DATASET RECORDS.
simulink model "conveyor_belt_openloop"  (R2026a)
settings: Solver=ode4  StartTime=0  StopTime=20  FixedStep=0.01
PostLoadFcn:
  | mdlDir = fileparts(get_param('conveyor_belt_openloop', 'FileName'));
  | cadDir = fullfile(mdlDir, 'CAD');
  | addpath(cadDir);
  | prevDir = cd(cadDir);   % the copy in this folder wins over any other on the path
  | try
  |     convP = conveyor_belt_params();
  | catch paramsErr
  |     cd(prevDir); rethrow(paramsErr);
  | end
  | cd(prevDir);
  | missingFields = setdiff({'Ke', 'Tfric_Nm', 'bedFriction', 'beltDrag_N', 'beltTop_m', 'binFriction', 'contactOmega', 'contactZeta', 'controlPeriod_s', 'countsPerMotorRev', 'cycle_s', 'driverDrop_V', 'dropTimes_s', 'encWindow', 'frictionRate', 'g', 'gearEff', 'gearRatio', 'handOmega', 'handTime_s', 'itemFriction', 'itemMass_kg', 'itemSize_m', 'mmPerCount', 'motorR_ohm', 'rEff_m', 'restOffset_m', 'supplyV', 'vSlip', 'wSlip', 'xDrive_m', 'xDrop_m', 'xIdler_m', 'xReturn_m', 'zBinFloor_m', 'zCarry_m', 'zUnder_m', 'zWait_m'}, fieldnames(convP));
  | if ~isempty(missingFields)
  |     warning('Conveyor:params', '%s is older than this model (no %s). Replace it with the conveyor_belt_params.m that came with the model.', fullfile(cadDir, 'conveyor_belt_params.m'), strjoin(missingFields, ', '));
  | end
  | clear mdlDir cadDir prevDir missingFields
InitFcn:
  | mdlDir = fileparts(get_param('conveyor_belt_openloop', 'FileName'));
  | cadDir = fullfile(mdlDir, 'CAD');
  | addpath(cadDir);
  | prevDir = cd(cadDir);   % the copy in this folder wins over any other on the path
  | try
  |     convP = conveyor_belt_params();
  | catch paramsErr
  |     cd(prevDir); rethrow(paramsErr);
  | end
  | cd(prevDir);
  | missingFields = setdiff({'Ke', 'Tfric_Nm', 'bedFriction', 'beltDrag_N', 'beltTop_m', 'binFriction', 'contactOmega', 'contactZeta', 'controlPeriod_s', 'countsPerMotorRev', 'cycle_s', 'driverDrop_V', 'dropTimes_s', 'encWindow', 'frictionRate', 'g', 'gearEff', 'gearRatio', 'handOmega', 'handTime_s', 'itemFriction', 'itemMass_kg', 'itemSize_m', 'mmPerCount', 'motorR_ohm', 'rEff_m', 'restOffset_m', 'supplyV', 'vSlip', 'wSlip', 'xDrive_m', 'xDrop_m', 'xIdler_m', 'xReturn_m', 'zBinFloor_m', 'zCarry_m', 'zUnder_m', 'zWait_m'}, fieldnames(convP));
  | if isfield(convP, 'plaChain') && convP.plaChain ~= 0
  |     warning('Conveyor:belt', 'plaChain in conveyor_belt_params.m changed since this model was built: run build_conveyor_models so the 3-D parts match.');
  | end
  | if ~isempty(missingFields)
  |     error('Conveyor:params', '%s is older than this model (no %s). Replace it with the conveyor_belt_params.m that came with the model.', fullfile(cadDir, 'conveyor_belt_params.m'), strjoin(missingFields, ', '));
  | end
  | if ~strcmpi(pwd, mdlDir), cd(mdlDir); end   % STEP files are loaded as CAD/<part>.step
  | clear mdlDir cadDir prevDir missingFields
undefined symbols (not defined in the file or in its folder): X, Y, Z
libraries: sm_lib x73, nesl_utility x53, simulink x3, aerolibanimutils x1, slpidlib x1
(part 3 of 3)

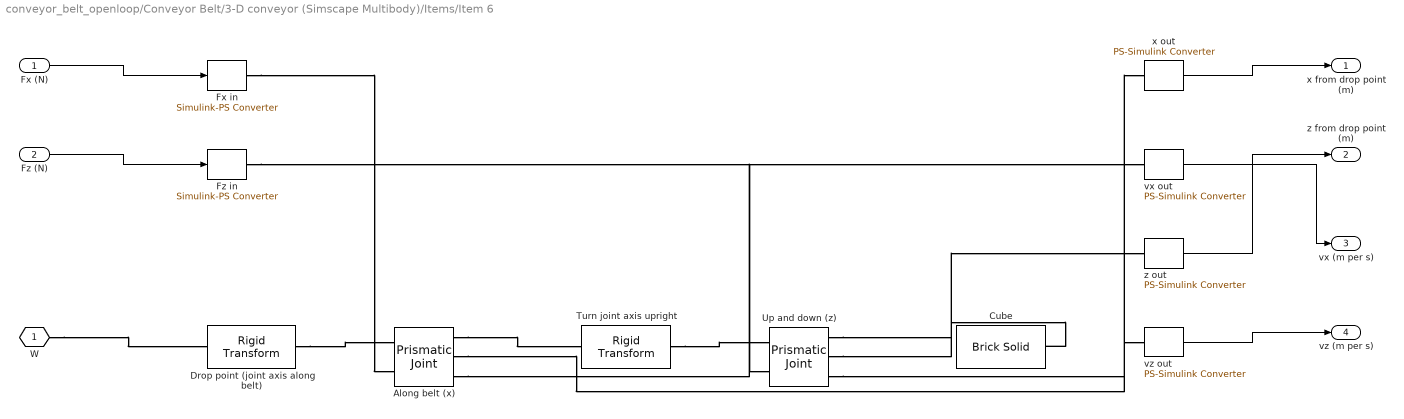
== system conveyor_belt_openloop/Conveyor Belt/3-D conveyor (Simscape Multibody)/Items/Item 6 ==
  Fx (N) : Inport
  Fz (N) : Inport  Port=2
  Along belt (x) : sm_lib/Joints/Prismatic Joint  JointMode=Normal  CompositeWrenchDir=FollowerOnBase  CompositeWrenchFrame=BaseFrame  SenseConstraintForce=off  SenseConstraintTorque=off  SenseTotalForce=off  SenseTotalTorque=off  PositionTargetSpecify=off  PositionTargetPriority=High  PositionTargetValue=0  PositionTargetValueUnits=m  VelocityTargetSpecify=off  VelocityTargetPriority=High  VelocityTargetValue=0  VelocityTargetValueUnits=m/s  EquilibriumPosition=0  EquilibriumPositionUnits=m  SpringStiffness=0  SpringStiffnessUnits=N/m  DampingCoefficient=0  DampingCoefficientUnits=N/(m/s)  LowerLimitSpecify=off  LowerLimitBound=-1  LowerLimitBoundUnits=m  LowerLimitStiffness=1e6  LowerLimitStiffnessUnits=N/m  LowerLimitDamping=1e3  LowerLimitDampingUnits=N/(m/s)  LowerLimitTransitionRegionWidth=1e-4  LowerLimitTransitionRegionWidthUnits=m  UpperLimitSpecify=off  UpperLimitBound=1  UpperLimitBoundUnits=m  UpperLimitStiffness=1e6  UpperLimitStiffnessUnits=N/m  UpperLimitDamping=1e3  UpperLimitDampingUnits=N/(m/s)  UpperLimitTransitionRegionWidth=1e-4  UpperLimitTransitionRegionWidthUnits=m  TorqueActuationMode=InputTorque  MotionActuationMode=ComputedMotion  SensePosition=on  SenseVelocity=on  SenseAcceleration=off  SenseTorqueForce=off  SenseLowerLimitTorqueForce=off  SenseUpperLimitTorqueForce=off
  Cube : sm_lib/Body Elements/Brick Solid  BrickDimensions=[1 1 1]*convP.itemSize_m  BrickDimensionsUnits=m  ExportEntireGeometry=off  InertiaType=CalculateFromGeometry  BasedOnType=Density  Density=convP.itemDensity_kgm3  DensityUnits=kg/m^3  Mass=1  MassUnits=kg  CenterOfMass=[0 0 0]  CenterOfMassUnits=m  MomentsOfInertia=[1 1 1]  MomentsOfInertiaUnits=kg*m^2  ProductsOfInertia=[0 0 0]  ProductsOfInertiaUnits=kg*m^2  GraphicType=FromGeometry  MarkerShape=Sphere  MarkerSize=10  GraphicVisPropType=SimpleVisualProperties  GraphicDiffuseColor=[0.9 0.25 0.25]  GraphicOpacity=1  GraphicSpecularColor=[0.5 0.5 0.5 1.0]  GraphicAmbientColor=[0.15 0.15 0.15 1.0]  GraphicEmissiveColor=[0.0 0.0 0.0 1.0]  GraphicShininess=75  DoExposeReferenceFrame=on  SerializedFrames=<Frames/>
  Drop point (joint axis along belt) : sm_lib/Frames and Transforms/Rigid Transform  RotationMethod=StandardAxis  FollAlignAxisA=+X  BaseAlignAxisA=+Y  FollAlignAxisB=+Y  BaseAlignAxisB=+Z  RotationStandardAxis=+Y  RotationAngle=90  RotationAngleUnits=deg  RotationArbitraryAxis=[0 0 1]  RotationSequenceAxes=FollowerAxes  RotationSequence=XYX  RotationSequenceAngles=[0 0 0]  RotationSequenceAnglesUnits=deg  RotationMatrix=[1 0 0;0 1 0;0 0 1]  Quaternion=[1 0 0 0]  TranslationMethod=Cartesian  TranslationCartesianOffset=[convP.xDrop_m 0 convP.zWait_m]  TranslationCartesianOffsetUnits=m  TranslationStandardAxis=+Z  TranslationStandardOffset=0  TranslationStandardOffsetUnits=m  TranslationROffset=0  TranslationROffsetUnits=m  TranslationThetaOffset=0  TranslationThetaOffsetUnits=deg  TranslationZOffset=0  TranslationZOffsetUnits=m
  Fx in : nesl_utility/Simulink-PS Converter  PhysicalDomain=network_engine_domain  SubClassName=ps_input  LeftPortType=input  RightPortType=output  PseudoPeriodic=off  Frequencies=[]  NoiseDistribution=none  NoiseParameters=[]  Unit=N  AffineConversion=off  FilteringAndDerivatives=provide  SimscapeFilterOrder=1  InputFilterTimeConstant=0.001  UdotUserProvided=0
  Fz in : nesl_utility/Simulink-PS Converter  PhysicalDomain=network_engine_domain  SubClassName=ps_input  LeftPortType=input  RightPortType=output  PseudoPeriodic=off  Frequencies=[]  NoiseDistribution=none  NoiseParameters=[]  Unit=N  AffineConversion=off  FilteringAndDerivatives=provide  SimscapeFilterOrder=1  InputFilterTimeConstant=0.001  UdotUserProvided=0
  Turn joint axis upright : sm_lib/Frames and Transforms/Rigid Transform  RotationMethod=StandardAxis  FollAlignAxisA=+X  BaseAlignAxisA=+Y  FollAlignAxisB=+Y  BaseAlignAxisB=+Z  RotationStandardAxis=+Y  RotationAngle=-90  RotationAngleUnits=deg  RotationArbitraryAxis=[0 0 1]  RotationSequenceAxes=FollowerAxes  RotationSequence=XYX  RotationSequenceAngles=[0 0 0]  RotationSequenceAnglesUnits=deg  RotationMatrix=[1 0 0;0 1 0;0 0 1]  Quaternion=[1 0 0 0]  TranslationMethod=None  TranslationCartesianOffset=[0 0 0]  TranslationCartesianOffsetUnits=m  TranslationStandardAxis=+Z  TranslationStandardOffset=0  TranslationStandardOffsetUnits=m  TranslationROffset=0  TranslationROffsetUnits=m  TranslationThetaOffset=0  TranslationThetaOffsetUnits=deg  TranslationZOffset=0  TranslationZOffsetUnits=m
  Up and down (z) : sm_lib/Joints/Prismatic Joint  JointMode=Normal  CompositeWrenchDir=FollowerOnBase  CompositeWrenchFrame=BaseFrame  SenseConstraintForce=off  SenseConstraintTorque=off  SenseTotalForce=off  SenseTotalTorque=off  PositionTargetSpecify=off  PositionTargetPriority=High  PositionTargetValue=0  PositionTargetValueUnits=m  VelocityTargetSpecify=off  VelocityTargetPriority=High  VelocityTargetValue=0  VelocityTargetValueUnits=m/s  EquilibriumPosition=0  EquilibriumPositionUnits=m  SpringStiffness=0  SpringStiffnessUnits=N/m  DampingCoefficient=0  DampingCoefficientUnits=N/(m/s)  LowerLimitSpecify=off  LowerLimitBound=-1  LowerLimitBoundUnits=m  LowerLimitStiffness=1e6  LowerLimitStiffnessUnits=N/m  LowerLimitDamping=1e3  LowerLimitDampingUnits=N/(m/s)  LowerLimitTransitionRegionWidth=1e-4  LowerLimitTransitionRegionWidthUnits=m  UpperLimitSpecify=off  UpperLimitBound=1  UpperLimitBoundUnits=m  UpperLimitStiffness=1e6  UpperLimitStiffnessUnits=N/m  UpperLimitDamping=1e3  UpperLimitDampingUnits=N/(m/s)  UpperLimitTransitionRegionWidth=1e-4  UpperLimitTransitionRegionWidthUnits=m  TorqueActuationMode=InputTorque  MotionActuationMode=ComputedMotion  SensePosition=on  SenseVelocity=on  SenseAcceleration=off  SenseTorqueForce=off  SenseLowerLimitTorqueForce=off  SenseUpperLimitTorqueForce=off
  vx out : nesl_utility/PS-Simulink Converter  PhysicalDomain=network_engine_domain  SubClassName=ps_output  LeftPortType=input  RightPortType=output  PseudoPeriodic=off  Frequencies=[]  VectorFormat=inherit  Unit=m/s  AffineConversion=off
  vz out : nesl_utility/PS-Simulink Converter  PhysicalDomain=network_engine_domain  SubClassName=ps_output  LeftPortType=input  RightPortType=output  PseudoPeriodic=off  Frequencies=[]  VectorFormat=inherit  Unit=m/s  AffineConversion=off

ABOUT THIS TASK.
What is needed is a single number: how many lines of the data contain the word "fullfile".

TASK RESULT.
4